LA SOUS-COMMISSION POURSUIT SON DÉBAT SUR LA VIOLATION DES DROITS DE L'HOMME ET DES LIBERTÉS FONDAMENTALES

15 août 2006


Sous-Commission de la promotion et de la protection des droits de l'homme

15 août 2006



La Sous-Commission de la promotion et de la protection des droits de l'homme a poursuivi, ce matin, son débat sur la violation des droits de l'homme et des libertés fondamentales, y compris les politiques de discrimination et de ségrégation raciale, dans tous les pays, en ce qui concerne en particulier les pays et territoires coloniaux et autres territoires dépendants.

Parmi les membres de la Sous-Commission se sont exprimés sur cette question, M. Emmanuel Decaux a notamment souligné que la Sous-Commission pouvait débattre de questions des droits de l'homme particulièrement préoccupantes et devait préserver cette fonction de vigilance, d'alerte et de réaction. M. Ibrahim Salama a également fait observer que la mission de la Sous-Commission est aussi d'agir et d'aller au-delà de la simple dénonciation. Il s'est en outre dit convaincu qu'il est possible de distinguer la politique des droits de l'homme; les droits de l'homme doivent avoir la priorité et être abordés indépendamment des questions politiques. M. Vladimir Kartashkin a rappelé que la Sous-Commission devait adopter, pas plus tard qu'à sa présente session, ses recommandations sur les méthodes de travail du futur organe d'experts devant être associé au nouveau Conseil des droits de l'homme.

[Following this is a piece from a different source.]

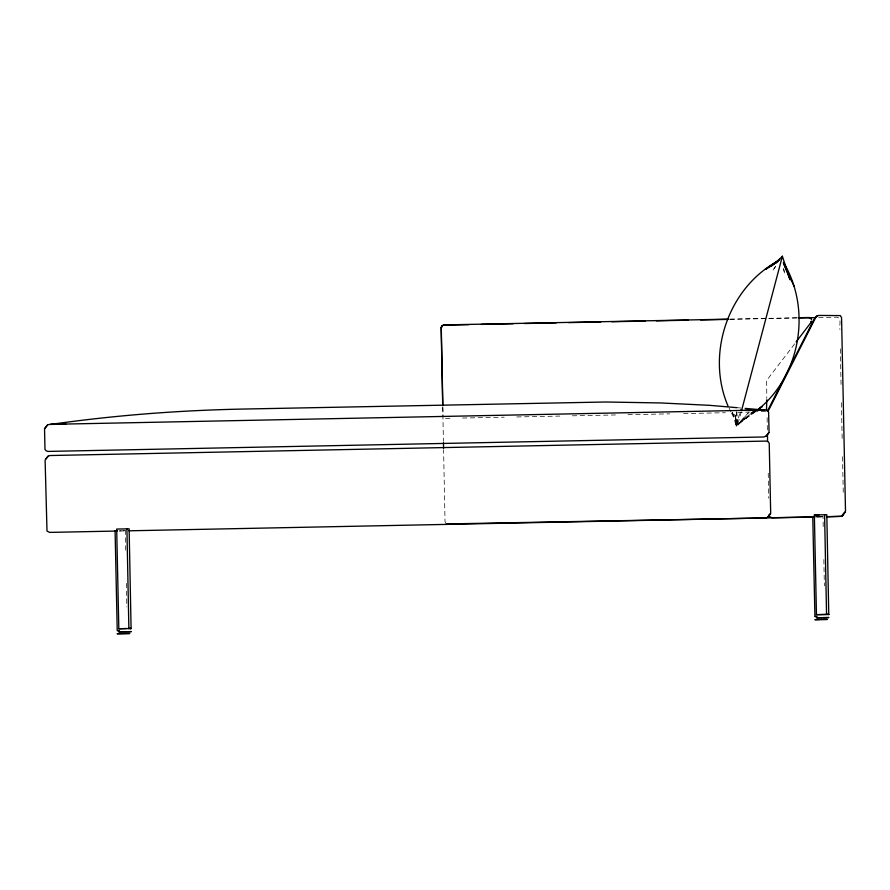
<?xml version="1.0" encoding="UTF-8"?>
<svg xmlns="http://www.w3.org/2000/svg" width="890" height="890" viewBox="0 0 890 890"><rect width="100%" height="100%" fill="white"/><g stroke="black" fill="none" stroke-linecap="round" stroke-linejoin="round"><path stroke-width="0.67" stroke-dasharray="4.45 3.34" d="M741.259 411.759L737.443 425.387L736.698 412.204M752.996 411.714L736.208 426.521L740.747 409.166M731.58 413.16L734.005 418.055L736.208 426.521L736.675 425.075L745.364 418.278L736.675 425.075M755.454 411.414L737.587 424.341L737.443 425.387L748.401 412.76L737.421 424.608L734.717 414.584L737.587 424.408L755.454 411.436M775.546 266.321L772.676 270.749L775.746 266.188M794.648 343.874L766.657 380.453L766.802 398.386M754.898 410.068L737.587 424.408L731.58 410.846L737.587 424.341M755.699 411.28L737.421 424.608L736.553 409.567M765.678 411.358L737.799 412.482M125.701 550.12L125.323 530.74L119.716 530.907M816.163 516.79L818.277 516.745M819.701 516.779L822.939 516.712M730.156 319.109L798.185 317.73M729.833 319.354L797.852 317.975M818.678 317.552L836.722 317.196C842.407 317.953 838.792 326.018 839.938 329.5M450.017 418.289L445.278 418.367M462.533 418.044L504.241 417.199M516.756 416.943L559.855 416.075M572.359 415.819L615.457 414.951M627.973 414.695L669.681 413.85M683.576 413.572L725.283 412.726M815.952 516.879L822.85 516.745M119.193 530.996L126.146 530.863M817.065 517.001L822.616 516.89M820.602 516.701L823.005 516.656L823.25 529.116M122.92 530.785L125.323 530.74M736.942 407.676L741.036 408.032M445.668 523.32L445.022 521.529L443.587 449.673M729.144 408.276L730.968 411.936M783.511 268.68L784.702 273.92L783.656 268.858M736.208 426.521L735.574 415.363L736.119 425.943M840.327 348.858L841.061 384.803M841.428 402.77L842.163 438.714M842.53 456.692L843.286 494.017M442.886 407.576L443.053 415.819M823.851 559.565L824.363 585.876M767.113 417.71L767.391 431.594M768.226 473.224L768.726 498.2M442.731 406.841L443.42 441.384M126.358 583.339L126.814 606.88"/><path stroke-width="1.33" d="M766.446 410.524L766.824 399.721M442.007 326.074L441.162 328.076L442.708 405.462M44.544 428.746L44.967 449.339L46.202 450.874L48.038 451.419L764.02 436.968L766.869 435.522L769.049 432.028L768.604 412.037L767.314 410.468L765.311 409.934L49.328 424.385L47.504 425.008L44.544 428.746L47.504 425.008M128.928 530.807L765.656 517.947L767.703 517.268L770.684 513.007L769.227 443.187L767.937 441.618L765.945 441.084L49.962 455.535L48.138 456.158L45.112 460.119L47.003 531.085L49.673 532.398L116.412 531.052M816.987 315.85L814.061 319.31L767.314 411.358L768.871 409.734L816.197 316.506L818.6 315.438L840.36 315.594L841.562 317.663L845.5 511.205L841.439 516.434L843.197 515.087L843.676 513.374M741.593 410.457L782.377 256.242L790.053 279.76L783.723 263.585M781.72 257.811L782.377 256.242L775.557 263.051L779.662 259.557M442.642 325.417L441.173 327.498L442.642 325.417L443.843 325.15L468.841 324.65M843.086 515.221L843.62 514.153M845.444 511.984L841.551 516.3L826.777 516.801M769.005 432.618L766.068 436.289M796.127 341.894L811.48 321.857M441.284 327.364L442.363 325.729M48.138 456.158L45.546 459.107M770.64 513.608L767.703 517.268M770.506 266.488L776.97 261.727M757.846 409.712C800.722 375.48 811.713 309.297 783.456 262.383M779.596 259.335L765.789 269.258L777.204 261.649M770.618 266.511L776.191 262.561M778.45 260.726C728.265 287.503 705.714 353.697 727.931 405.829M126.58 628.551L118.826 628.729L116.679 529.072L129.128 528.816L131.086 628.485L130.162 628.529M827.934 614.445L828.801 614.412L816.453 614.667L814.361 514.999L826.81 514.731L828.757 614.4L827.845 614.445M811.291 322.058L810.779 321.535M443.598 324.928L728.765 319.143M118.682 628.752L131.086 628.485M816.364 614.667L828.757 614.4M118.136 630.598L117.235 630.632L115.088 530.974L117.436 530.896M815.819 616.514L814.917 616.548L812.77 516.89L815.106 516.812M130.251 628.529L131.119 628.496L128.338 628.518M65.904 424.052L50.485 424.452C114.699 415.274 179.469 410.29 244.316 409.033L605.701 402.002L660.602 402.947L709.597 405.328L736.942 407.676M119.405 630.565L117.625 630.643M817.087 616.481L815.307 616.559M798.185 317.73L809.288 317.507L809.455 318.231M481.334 324.394L513.263 323.749M524.366 323.526L556.295 322.87M568.788 322.625L600.717 321.969M611.831 321.746L645.15 321.079M656.253 320.845L688.181 320.2M700.675 319.944L728.443 319.388M799.242 317.953L815.908 317.619M814.573 516.901L771.819 517.746L769.705 516.645L769.06 514.854M826.988 516.656L840.772 516.389M814.294 517.057L446.357 523.954M821.615 617.705L816.475 617.782L828.924 617.527L822.76 617.615M820.024 619.607L814.884 619.674L827.322 619.418L821.17 619.507M744.696 410.346L764.288 410.034L745.141 408.388M819 514.932L814.361 514.999M812.77 516.89L813.493 516.89M115.088 530.974L115.811 530.974M810.89 318.42L811.68 320M783.378 263.073L794.08 286.269M441.273 327.943L442.831 404.839M824.596 514.765L826.554 614.434M767.447 434.365L767.592 441.307M443.454 442.764L443.565 448.293M126.914 528.838L128.872 628.518M762.152 406.563L758.803 409L762.152 406.563M118.904 631.844L131.242 631.611L118.904 631.844M117.313 633.747L129.651 633.502L117.313 633.747"/></g></svg>

Mme Halima Embarek Warzazi a pour sa part dénoncé l'agression commise par Israël, que ce soit au Liban ou dans les territoires palestiniens, en soulignant qu'aucun argument ne saurait être invoqué pour justifier les violations massives des droits de l'homme commises depuis plus d'un mois. M. Shiqiu Chen a quant à lui souligné que si la thématique des armes légères et de leur incidence pour les droits de l'homme reste d'actualité, il ne faut pour autant pas perdre de vue la puissance destructrice des armes lourdes. Il a aussi préconisé que les Nations Unies ne recourent pas systématiquement à des mécanismes de sanctions et d'embargos, qui frappent surtout les populations civiles et ont des conséquences désastreuses pour les droits de l'homme.

Une représentante de l'organisation non gouvernementale Interfaith International est pour sa part intervenue sur la situation des droits de l'homme aux Moluques, en Indonésie.

Les représentants de la Tunisie, de l'Indonésie et de la Fédération de Russie ont réagi à la déclaration faite hier par Mme Françoise Jane Hampson, membre de la Sous-Commission.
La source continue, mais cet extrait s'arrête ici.